**TASK DESCRIPTION**
A copy is needed of each line in the records that has the word "dimtoh".

==============================

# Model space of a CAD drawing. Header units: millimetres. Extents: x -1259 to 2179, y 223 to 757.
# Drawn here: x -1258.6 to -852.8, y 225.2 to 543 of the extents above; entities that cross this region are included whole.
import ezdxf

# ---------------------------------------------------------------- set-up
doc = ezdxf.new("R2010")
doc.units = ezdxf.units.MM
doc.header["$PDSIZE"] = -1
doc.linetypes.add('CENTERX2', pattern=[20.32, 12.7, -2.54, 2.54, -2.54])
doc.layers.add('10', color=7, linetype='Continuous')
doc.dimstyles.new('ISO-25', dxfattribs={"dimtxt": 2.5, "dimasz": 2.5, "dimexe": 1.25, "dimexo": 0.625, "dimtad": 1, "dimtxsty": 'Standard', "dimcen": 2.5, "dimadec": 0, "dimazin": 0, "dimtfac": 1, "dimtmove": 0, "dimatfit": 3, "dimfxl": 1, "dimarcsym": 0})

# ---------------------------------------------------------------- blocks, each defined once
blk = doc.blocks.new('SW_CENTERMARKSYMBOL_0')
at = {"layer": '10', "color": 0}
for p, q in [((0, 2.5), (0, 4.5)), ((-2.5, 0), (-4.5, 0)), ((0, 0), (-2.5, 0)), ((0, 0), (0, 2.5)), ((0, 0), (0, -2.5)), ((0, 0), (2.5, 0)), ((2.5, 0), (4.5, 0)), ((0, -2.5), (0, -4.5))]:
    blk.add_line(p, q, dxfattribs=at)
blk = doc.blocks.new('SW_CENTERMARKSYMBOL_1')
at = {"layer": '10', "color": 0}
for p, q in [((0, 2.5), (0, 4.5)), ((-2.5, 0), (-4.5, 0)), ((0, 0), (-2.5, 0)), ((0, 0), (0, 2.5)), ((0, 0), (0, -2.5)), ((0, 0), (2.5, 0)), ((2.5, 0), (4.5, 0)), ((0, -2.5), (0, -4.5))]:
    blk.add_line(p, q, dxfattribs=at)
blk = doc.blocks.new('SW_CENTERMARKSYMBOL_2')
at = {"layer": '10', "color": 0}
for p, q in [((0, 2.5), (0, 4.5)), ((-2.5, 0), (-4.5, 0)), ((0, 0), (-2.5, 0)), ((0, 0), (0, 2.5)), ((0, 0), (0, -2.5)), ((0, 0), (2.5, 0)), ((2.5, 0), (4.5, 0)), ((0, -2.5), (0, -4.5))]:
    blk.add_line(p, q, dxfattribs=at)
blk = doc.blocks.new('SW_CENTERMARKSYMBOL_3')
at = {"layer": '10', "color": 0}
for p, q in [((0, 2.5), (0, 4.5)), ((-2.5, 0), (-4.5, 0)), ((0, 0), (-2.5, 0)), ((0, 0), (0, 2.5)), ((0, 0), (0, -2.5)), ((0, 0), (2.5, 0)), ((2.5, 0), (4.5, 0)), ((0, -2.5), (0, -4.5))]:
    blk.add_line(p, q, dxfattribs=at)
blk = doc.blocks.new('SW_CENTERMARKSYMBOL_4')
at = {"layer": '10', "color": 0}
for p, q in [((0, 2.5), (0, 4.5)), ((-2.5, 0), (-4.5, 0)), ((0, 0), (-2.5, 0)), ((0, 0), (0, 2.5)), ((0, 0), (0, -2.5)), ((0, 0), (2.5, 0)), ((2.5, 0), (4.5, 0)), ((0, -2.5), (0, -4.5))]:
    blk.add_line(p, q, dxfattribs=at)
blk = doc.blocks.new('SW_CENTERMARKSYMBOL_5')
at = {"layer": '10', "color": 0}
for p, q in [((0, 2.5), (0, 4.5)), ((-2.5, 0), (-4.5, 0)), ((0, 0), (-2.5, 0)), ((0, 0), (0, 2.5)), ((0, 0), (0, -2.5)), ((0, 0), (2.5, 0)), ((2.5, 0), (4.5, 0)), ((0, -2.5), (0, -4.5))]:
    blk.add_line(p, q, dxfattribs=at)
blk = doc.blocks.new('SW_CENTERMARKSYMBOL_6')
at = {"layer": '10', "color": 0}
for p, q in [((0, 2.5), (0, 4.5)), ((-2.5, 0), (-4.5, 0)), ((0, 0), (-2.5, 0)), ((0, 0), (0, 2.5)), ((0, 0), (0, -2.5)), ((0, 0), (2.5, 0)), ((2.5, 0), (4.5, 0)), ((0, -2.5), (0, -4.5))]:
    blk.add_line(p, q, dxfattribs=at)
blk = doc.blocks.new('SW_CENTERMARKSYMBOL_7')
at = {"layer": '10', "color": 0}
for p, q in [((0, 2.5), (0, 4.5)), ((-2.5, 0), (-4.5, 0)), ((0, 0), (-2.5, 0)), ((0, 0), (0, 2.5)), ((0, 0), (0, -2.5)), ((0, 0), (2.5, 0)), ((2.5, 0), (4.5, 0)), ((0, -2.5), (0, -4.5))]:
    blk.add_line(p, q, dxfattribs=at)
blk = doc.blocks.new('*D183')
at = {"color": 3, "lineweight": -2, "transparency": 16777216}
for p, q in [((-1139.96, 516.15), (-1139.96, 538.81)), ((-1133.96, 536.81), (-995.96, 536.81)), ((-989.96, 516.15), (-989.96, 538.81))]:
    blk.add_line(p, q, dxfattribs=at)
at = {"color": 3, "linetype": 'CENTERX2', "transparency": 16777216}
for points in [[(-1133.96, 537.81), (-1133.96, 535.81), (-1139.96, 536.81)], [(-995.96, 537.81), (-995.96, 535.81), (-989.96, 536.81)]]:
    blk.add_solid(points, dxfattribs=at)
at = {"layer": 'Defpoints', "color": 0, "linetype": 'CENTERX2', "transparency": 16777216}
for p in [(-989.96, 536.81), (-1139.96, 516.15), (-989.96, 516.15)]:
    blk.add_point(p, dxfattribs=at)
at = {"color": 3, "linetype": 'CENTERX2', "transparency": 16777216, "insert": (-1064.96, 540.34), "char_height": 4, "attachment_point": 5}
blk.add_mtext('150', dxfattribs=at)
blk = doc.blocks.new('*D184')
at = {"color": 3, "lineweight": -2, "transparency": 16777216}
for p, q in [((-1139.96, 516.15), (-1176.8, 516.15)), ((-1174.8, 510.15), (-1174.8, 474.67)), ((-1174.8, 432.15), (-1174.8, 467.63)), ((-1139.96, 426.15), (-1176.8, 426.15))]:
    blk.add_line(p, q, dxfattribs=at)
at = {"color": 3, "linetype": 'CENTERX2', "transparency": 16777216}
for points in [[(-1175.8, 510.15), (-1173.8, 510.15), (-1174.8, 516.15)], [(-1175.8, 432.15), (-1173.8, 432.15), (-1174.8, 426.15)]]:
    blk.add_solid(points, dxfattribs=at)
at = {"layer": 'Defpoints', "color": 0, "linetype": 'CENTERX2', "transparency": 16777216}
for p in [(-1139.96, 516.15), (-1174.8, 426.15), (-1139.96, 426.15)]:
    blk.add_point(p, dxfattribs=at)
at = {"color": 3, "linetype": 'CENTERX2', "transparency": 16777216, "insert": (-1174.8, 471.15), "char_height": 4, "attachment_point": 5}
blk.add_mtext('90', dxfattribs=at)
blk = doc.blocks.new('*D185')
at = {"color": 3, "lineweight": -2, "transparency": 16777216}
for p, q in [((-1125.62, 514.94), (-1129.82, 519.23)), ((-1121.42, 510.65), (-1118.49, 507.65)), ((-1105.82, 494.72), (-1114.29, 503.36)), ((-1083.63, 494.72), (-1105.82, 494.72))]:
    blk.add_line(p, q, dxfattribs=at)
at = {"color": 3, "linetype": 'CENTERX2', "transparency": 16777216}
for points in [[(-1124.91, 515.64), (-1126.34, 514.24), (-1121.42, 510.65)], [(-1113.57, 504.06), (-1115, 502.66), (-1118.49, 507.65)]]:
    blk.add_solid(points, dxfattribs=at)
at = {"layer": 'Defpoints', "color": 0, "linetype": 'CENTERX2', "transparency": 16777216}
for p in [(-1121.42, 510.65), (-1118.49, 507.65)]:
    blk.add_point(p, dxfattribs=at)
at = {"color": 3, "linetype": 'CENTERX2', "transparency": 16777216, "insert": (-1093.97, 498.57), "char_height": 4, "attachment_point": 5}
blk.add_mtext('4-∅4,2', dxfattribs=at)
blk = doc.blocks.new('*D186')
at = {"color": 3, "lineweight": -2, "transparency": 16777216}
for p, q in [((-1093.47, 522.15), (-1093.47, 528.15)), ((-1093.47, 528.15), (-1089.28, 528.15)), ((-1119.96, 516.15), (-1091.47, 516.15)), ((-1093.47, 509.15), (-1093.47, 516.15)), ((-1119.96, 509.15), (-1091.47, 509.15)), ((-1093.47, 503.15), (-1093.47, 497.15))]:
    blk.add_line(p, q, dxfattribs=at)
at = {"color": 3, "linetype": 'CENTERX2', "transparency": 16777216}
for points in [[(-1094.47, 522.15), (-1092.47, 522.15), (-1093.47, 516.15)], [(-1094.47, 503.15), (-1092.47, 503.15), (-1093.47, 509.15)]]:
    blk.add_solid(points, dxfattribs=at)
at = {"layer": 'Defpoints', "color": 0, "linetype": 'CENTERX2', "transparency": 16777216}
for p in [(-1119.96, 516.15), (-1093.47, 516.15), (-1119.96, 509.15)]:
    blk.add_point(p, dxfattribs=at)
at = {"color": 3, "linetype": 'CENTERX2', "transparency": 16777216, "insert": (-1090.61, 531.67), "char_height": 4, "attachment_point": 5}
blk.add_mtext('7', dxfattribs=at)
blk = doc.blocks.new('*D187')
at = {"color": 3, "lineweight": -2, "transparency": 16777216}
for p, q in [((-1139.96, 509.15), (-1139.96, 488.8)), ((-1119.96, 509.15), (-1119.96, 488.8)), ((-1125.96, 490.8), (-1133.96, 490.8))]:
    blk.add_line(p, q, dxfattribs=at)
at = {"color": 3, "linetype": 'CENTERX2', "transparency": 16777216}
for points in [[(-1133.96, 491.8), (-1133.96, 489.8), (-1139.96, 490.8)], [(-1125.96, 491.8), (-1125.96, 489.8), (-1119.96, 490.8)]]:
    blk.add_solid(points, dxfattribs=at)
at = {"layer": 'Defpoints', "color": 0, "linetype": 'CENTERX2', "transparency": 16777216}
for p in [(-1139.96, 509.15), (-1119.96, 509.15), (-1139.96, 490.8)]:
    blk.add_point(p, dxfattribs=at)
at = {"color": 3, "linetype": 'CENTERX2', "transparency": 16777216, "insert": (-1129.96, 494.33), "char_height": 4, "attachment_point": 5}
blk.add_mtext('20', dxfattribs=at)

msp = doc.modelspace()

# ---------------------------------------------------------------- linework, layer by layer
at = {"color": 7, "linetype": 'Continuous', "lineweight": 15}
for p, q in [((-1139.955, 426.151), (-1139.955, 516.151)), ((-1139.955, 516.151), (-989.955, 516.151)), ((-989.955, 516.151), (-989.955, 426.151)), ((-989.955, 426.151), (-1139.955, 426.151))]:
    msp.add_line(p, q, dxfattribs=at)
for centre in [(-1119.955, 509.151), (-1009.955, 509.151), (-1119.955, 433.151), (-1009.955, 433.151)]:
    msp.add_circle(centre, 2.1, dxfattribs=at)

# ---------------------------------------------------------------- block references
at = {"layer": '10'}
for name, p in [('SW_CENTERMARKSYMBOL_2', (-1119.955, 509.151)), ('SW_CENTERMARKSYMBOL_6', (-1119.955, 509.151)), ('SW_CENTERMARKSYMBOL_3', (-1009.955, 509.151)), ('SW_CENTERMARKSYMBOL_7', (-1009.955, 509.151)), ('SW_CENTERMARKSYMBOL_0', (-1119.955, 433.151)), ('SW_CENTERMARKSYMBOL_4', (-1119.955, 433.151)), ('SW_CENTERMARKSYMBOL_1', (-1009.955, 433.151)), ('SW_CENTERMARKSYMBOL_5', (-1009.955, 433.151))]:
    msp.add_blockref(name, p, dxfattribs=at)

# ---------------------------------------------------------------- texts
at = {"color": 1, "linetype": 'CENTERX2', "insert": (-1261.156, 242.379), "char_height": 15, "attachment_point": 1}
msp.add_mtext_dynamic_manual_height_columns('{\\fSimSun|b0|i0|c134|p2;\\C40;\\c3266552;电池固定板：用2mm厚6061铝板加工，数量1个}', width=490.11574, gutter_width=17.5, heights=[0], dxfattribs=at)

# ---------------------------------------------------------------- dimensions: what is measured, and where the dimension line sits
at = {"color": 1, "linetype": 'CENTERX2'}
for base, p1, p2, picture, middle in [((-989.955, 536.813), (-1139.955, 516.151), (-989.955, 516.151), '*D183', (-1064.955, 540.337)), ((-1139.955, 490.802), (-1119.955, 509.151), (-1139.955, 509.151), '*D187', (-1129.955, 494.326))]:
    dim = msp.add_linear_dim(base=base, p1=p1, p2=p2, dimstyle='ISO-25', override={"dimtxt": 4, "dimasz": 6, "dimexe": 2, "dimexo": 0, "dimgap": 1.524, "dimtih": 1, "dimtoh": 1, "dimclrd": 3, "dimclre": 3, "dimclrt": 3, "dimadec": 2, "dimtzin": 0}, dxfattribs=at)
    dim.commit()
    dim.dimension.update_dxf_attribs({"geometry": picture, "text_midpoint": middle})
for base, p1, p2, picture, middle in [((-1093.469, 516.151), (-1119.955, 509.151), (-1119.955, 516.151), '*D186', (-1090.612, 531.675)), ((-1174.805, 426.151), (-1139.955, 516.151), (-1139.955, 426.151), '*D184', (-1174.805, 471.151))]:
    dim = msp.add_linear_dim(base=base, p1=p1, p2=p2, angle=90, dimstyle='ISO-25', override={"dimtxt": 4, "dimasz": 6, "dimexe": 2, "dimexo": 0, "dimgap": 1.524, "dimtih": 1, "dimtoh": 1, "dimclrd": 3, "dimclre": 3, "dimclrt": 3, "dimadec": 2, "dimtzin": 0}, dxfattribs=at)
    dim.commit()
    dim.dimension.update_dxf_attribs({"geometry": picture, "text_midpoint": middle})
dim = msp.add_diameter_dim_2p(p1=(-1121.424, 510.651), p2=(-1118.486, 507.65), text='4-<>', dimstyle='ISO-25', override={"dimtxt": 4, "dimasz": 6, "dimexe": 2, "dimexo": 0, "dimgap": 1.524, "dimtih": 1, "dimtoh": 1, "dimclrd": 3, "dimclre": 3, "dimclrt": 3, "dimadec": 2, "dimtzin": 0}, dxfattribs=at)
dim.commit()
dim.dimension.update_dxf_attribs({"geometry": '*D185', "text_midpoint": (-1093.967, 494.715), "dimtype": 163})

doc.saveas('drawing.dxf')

==============================

**EXERCISE RESPONSE**
    dim = msp.add_linear_dim(base=base, p1=p1, p2=p2, dimstyle='ISO-25', override={"dimtxt": 4, "dimasz": 6, "dimexe": 2, "dimexo": 0, "dimgap": 1.524, "dimtih": 1, "dimtoh": 1, "dimclrd": 3, "dimclre": 3, "dimclrt": 3, "dimadec": 2, "dimtzin": 0}, dxfattribs=at)
    dim = msp.add_linear_dim(base=base, p1=p1, p2=p2, angle=90, dimstyle='ISO-25', override={"dimtxt": 4, "dimasz": 6, "dimexe": 2, "dimexo": 0, "dimgap": 1.524, "dimtih": 1, "dimtoh": 1, "dimclrd": 3, "dimclre": 3, "dimclrt": 3, "dimadec": 2, "dimtzin": 0}, dxfattribs=at)
dim = msp.add_diameter_dim_2p(p1=(-1121.424, 510.651), p2=(-1118.486, 507.65), text='4-<>', dimstyle='ISO-25', override={"dimtxt": 4, "dimasz": 6, "dimexe": 2, "dimexo": 0, "dimgap": 1.524, "dimtih": 1, "dimtoh": 1, "dimclrd": 3, "dimclre": 3, "dimclrt": 3, "dimadec": 2, "dimtzin": 0}, dxfattribs=at)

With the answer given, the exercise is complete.